After going round with Autosmart Tardis and rinsing again, I put the car inside and clayed with Gloss-It aggressive clay. This removed a considerable amount of contamination:










Now dried off and with paint readings taken (average of 130 microns in most places), I then went round the car to take some pics of the defects.

I should probably mention at this point that the car has been washed with a brush since new...
































































These pics are probably as good as any to demonstrate why you shouldn't let the overhead lance from petrol station pressure washers hit your paintwork...





































The back bumper had several scrapes along the back of it which had broken the paint so this would get corrected with the G220 and Gloss-It Extreme Cut and One step polish with the Menzerna Compounding/Polishing pads:










So, as you could see the car had seen a hard life of incorrect washing/drying techniques and I had my work cut out on this one. I knew I wasn't going to get 100% correction as some of the RIDS were far too deep to even have a chance of removing.

Polish of choice was 3M Fast Cut Plus combined with a 3M Compounding Pad @2000rpm's (1500-1800 on the smaller areas):










I'd decided to give each section 2 hits. What came out came out and what didn't was going to have to stay put. With any remaining time left, I'd go back and polish the worst areas again if needs be.

Luckily, 2 hits gave decent results considering the state of the paintwork:



















This pic (although out of focus) shows the kind of scratches left after polishing. Even without proper focus you can see they are fairly deep!










Clarity and Gloss was restored nicely though:










N/S wing after FCP stage:










And on the other wing where those horrific scratches were:










After correction:



















Considering the state of the wing before hand, I was quite happy with the level of correction achieved without the need for wet sanding 

Round the other side, midway through correction:





































Again in the above pic you can see the deeper one or two RIDS remained after 2 hits.

Offside back 1/4 before:



















After:



















Once corrected, it was time to refine the finish and for this I used Menzerna PO85RD and a Polishing Pad @ 1500rpm's. As always, this produced superb clarity:










Even though the wheels were past their best they were sealed anyways (to remove any polishing dust if nothing else) by Marsha, who also applied Gloss-It tyre dressing and polished up the exhaust with the Blackfire Metal Polishes.

The engine bay was dressed with 303 as always:




























The interior was fully detailed including feeding of the leather with Raceglaze Leather Balm and Werkstat Satin Prot on the mats, shuts polished and sealed with Werkstat Prime Strong. Interior glass cleaned with Eimann Fabrik and exterior glass done with Rain-X.
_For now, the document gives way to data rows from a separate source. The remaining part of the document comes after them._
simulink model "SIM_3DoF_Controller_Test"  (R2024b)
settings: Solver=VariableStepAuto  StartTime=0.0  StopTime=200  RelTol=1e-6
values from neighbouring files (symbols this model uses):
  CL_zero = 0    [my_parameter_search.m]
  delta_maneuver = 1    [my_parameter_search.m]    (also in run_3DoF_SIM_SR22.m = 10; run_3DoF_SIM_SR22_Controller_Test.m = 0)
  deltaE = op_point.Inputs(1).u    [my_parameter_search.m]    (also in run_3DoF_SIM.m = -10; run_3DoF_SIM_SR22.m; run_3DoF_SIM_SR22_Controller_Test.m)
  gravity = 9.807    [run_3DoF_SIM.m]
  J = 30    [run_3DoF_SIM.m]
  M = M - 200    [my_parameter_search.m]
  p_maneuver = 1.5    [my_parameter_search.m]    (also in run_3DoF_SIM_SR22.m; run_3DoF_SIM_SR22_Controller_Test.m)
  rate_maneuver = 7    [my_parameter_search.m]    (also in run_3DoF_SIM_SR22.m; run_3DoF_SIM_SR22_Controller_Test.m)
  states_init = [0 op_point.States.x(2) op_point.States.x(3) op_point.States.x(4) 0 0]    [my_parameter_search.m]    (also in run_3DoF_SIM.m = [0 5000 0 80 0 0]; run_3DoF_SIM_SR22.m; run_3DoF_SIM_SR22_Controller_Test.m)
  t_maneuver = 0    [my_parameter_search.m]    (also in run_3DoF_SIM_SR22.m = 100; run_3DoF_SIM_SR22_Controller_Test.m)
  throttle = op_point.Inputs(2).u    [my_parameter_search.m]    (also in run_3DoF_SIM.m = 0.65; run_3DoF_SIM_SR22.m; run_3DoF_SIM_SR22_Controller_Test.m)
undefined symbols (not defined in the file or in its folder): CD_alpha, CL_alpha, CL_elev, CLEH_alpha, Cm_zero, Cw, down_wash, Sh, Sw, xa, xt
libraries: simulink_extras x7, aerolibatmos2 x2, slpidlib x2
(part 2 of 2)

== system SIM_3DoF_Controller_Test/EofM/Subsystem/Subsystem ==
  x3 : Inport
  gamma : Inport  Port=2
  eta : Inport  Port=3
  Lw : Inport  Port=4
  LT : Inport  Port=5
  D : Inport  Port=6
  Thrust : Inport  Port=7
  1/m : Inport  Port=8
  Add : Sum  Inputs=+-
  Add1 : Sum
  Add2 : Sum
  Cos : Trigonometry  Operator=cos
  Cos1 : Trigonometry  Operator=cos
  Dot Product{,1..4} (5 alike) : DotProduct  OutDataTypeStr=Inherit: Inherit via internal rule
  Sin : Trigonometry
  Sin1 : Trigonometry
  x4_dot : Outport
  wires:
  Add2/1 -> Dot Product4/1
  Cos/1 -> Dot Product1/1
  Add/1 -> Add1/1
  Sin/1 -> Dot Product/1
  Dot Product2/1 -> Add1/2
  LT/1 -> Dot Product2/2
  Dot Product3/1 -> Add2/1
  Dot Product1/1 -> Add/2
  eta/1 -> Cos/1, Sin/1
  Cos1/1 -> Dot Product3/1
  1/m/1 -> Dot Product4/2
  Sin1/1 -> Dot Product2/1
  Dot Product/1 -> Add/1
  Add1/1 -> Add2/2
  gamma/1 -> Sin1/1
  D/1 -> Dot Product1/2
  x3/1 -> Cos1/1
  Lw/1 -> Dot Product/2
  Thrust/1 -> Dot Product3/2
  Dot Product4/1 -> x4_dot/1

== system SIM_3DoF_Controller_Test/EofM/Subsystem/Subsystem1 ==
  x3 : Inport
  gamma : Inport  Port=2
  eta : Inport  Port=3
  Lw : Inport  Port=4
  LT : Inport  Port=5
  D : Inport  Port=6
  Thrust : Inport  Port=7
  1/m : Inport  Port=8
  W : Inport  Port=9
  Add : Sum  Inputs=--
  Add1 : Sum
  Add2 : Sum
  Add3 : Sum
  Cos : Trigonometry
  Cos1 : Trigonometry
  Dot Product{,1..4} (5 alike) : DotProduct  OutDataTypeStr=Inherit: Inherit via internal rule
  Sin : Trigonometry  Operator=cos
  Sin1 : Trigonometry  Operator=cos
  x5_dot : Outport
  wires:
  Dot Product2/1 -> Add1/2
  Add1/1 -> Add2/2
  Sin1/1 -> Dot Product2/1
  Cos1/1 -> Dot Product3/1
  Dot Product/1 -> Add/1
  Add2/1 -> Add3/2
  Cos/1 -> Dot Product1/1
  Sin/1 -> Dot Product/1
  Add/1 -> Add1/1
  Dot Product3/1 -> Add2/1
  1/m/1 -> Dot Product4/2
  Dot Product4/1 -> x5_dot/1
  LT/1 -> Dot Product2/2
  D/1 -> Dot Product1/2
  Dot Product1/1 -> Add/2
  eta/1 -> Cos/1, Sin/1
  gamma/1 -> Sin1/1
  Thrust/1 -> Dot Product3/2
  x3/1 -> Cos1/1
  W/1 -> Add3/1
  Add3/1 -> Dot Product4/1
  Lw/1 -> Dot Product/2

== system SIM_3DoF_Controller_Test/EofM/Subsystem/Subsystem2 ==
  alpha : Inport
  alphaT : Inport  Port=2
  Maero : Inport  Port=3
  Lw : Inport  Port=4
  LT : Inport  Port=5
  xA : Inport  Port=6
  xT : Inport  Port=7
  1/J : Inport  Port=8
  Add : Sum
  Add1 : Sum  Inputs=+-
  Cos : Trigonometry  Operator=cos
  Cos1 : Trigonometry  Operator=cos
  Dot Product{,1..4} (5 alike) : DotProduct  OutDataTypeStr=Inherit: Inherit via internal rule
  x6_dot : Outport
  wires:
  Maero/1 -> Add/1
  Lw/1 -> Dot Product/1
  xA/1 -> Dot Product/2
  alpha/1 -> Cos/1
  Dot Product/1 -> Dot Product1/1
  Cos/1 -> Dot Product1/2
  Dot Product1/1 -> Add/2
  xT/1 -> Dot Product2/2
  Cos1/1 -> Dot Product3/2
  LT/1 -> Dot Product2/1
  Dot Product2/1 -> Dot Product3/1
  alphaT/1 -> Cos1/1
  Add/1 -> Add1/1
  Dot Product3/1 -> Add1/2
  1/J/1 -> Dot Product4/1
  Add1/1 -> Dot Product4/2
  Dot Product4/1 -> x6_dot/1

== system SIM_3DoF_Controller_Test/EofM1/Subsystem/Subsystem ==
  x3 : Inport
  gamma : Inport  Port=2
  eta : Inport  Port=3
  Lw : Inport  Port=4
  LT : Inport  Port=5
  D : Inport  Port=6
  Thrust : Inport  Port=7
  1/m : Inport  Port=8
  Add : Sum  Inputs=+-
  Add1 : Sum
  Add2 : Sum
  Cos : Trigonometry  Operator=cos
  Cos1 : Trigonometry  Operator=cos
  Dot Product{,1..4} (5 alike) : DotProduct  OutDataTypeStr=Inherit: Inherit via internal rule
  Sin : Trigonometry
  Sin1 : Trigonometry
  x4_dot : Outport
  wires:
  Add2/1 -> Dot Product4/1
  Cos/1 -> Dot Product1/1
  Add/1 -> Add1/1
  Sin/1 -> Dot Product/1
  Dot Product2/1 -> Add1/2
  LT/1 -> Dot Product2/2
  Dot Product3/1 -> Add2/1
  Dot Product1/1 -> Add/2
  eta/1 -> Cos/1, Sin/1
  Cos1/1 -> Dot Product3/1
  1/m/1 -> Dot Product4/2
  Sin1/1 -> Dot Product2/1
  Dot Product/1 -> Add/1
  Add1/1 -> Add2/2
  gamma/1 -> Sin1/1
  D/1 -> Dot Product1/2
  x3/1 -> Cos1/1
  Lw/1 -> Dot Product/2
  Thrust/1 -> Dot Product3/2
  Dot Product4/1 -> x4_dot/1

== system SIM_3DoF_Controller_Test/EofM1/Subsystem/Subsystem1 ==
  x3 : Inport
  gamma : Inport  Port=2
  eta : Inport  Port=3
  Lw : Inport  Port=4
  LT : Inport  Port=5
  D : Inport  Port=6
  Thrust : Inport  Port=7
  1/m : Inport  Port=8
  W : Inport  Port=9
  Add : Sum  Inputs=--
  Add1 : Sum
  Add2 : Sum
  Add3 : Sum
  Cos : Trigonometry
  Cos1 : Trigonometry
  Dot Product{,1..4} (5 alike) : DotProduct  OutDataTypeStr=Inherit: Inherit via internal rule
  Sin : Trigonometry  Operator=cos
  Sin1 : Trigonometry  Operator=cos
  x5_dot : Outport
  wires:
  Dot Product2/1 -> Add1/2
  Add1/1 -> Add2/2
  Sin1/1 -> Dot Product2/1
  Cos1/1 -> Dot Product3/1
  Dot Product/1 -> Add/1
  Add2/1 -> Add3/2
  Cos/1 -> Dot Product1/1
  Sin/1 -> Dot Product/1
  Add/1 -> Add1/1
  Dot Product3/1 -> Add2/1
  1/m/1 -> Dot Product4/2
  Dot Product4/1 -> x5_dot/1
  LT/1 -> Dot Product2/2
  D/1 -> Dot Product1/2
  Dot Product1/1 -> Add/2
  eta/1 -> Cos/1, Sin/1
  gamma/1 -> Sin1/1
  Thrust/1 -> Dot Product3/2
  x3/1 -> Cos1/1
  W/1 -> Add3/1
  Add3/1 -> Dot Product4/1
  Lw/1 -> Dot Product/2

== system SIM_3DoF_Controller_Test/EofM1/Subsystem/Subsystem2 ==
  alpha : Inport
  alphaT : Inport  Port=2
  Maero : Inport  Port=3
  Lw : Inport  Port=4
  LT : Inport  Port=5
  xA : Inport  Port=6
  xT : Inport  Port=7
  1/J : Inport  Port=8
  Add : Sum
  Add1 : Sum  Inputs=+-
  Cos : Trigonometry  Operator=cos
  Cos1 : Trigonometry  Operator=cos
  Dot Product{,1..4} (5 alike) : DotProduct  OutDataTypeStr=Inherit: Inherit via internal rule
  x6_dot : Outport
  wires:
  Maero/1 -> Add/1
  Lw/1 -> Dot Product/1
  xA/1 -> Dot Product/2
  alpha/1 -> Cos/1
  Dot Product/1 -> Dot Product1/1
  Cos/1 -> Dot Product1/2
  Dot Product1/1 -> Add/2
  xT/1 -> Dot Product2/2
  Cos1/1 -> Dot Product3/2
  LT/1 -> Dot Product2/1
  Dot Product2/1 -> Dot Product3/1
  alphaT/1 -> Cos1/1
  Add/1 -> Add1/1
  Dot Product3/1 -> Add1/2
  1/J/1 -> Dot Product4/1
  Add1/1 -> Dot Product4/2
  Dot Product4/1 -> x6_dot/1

Back to the paintwork, which after a wipe down with Top Inspection (Carefully! I get major paranoid when working on solid black about marring it!) was sealed with Gloss-It Signature Gloss and left for around 45 mins to make sure it cured properly in the cold temperatures.

That gave the following results (apologies for lack of quality pics as the owner turned up just before I finished):




































































































And from one of the worst cars I've seen for a while, to one of the cleanest 

This GT3 was in for 2 days to have the paintwork machined only (no interior detail etc):



















No pics of the wash process as my camera batteries were on charge but it was the usual pre-foam, 2 bucket wash, menz 7.5 on the wheels etc etc.

The car didn't really need claying but I always prefer to do this step to make sure as you always find one or two bits that the clay pics up:










A quick walk round with Sun Gun showed the defects:


















































































As you can see, the defects were fairly light, but not quite light enough to quickly buzz round the car with the likes of 85Rd on a finishing pad.

This gave me a perfect opportunity to further try out one of the new polishes from Menzerna - PO203S. It's kind of an in between of 106FA and 3.02 and it worked perfectly on this car, although some panels needed a couple of hits where the odd deeper scratch was.

Fully broken down and ready to buff:










A wipe down with Top Inspection to ensure all the oils are removed:




























Whilst I was attending to the paintwork, Marsha had sealed the wheels and applied the Gloss-It tyre dressing. You can either mist it on to the tyre wall and leave it but the trigger that is supplied isn't always ideally suited so sometimes it's easier to apply it to an applicator pad instead:



















I've found that a couple of coats with 15/20 minutes (or even longer if you can) in between gives the best results :thumb:

Marsha also applied Gloss-It TRV to the front splitter.

I carried on with the machine work. The masking tape across the middle of the bonnet and wings are to protect the armour fend applied to the front end:



















After a TI wipe down:










Back end before:










After:










There are some bits where you just cant get the machine into so this has to be done by hand. The older USA version of Menzerna IP is great for this as the abrasives are more fragile and break down easier:










Worked untill barely visible:










Done:




























It's the little things like correcting the underneath of side skirts and bumpers etc that make all the difference and also what can contribute to the hours adding up on a detail:




























Once the paintwork was corrected, I nipped out any light marring on the armour fend with Blackfire Gloss Enhancing Polish with the G220:










As it's been a while since I used it, I decided to apply Blackfire's Midnight Sun Wax as LSP:










This was applied to the whole car and then buffed off after 10 minutes.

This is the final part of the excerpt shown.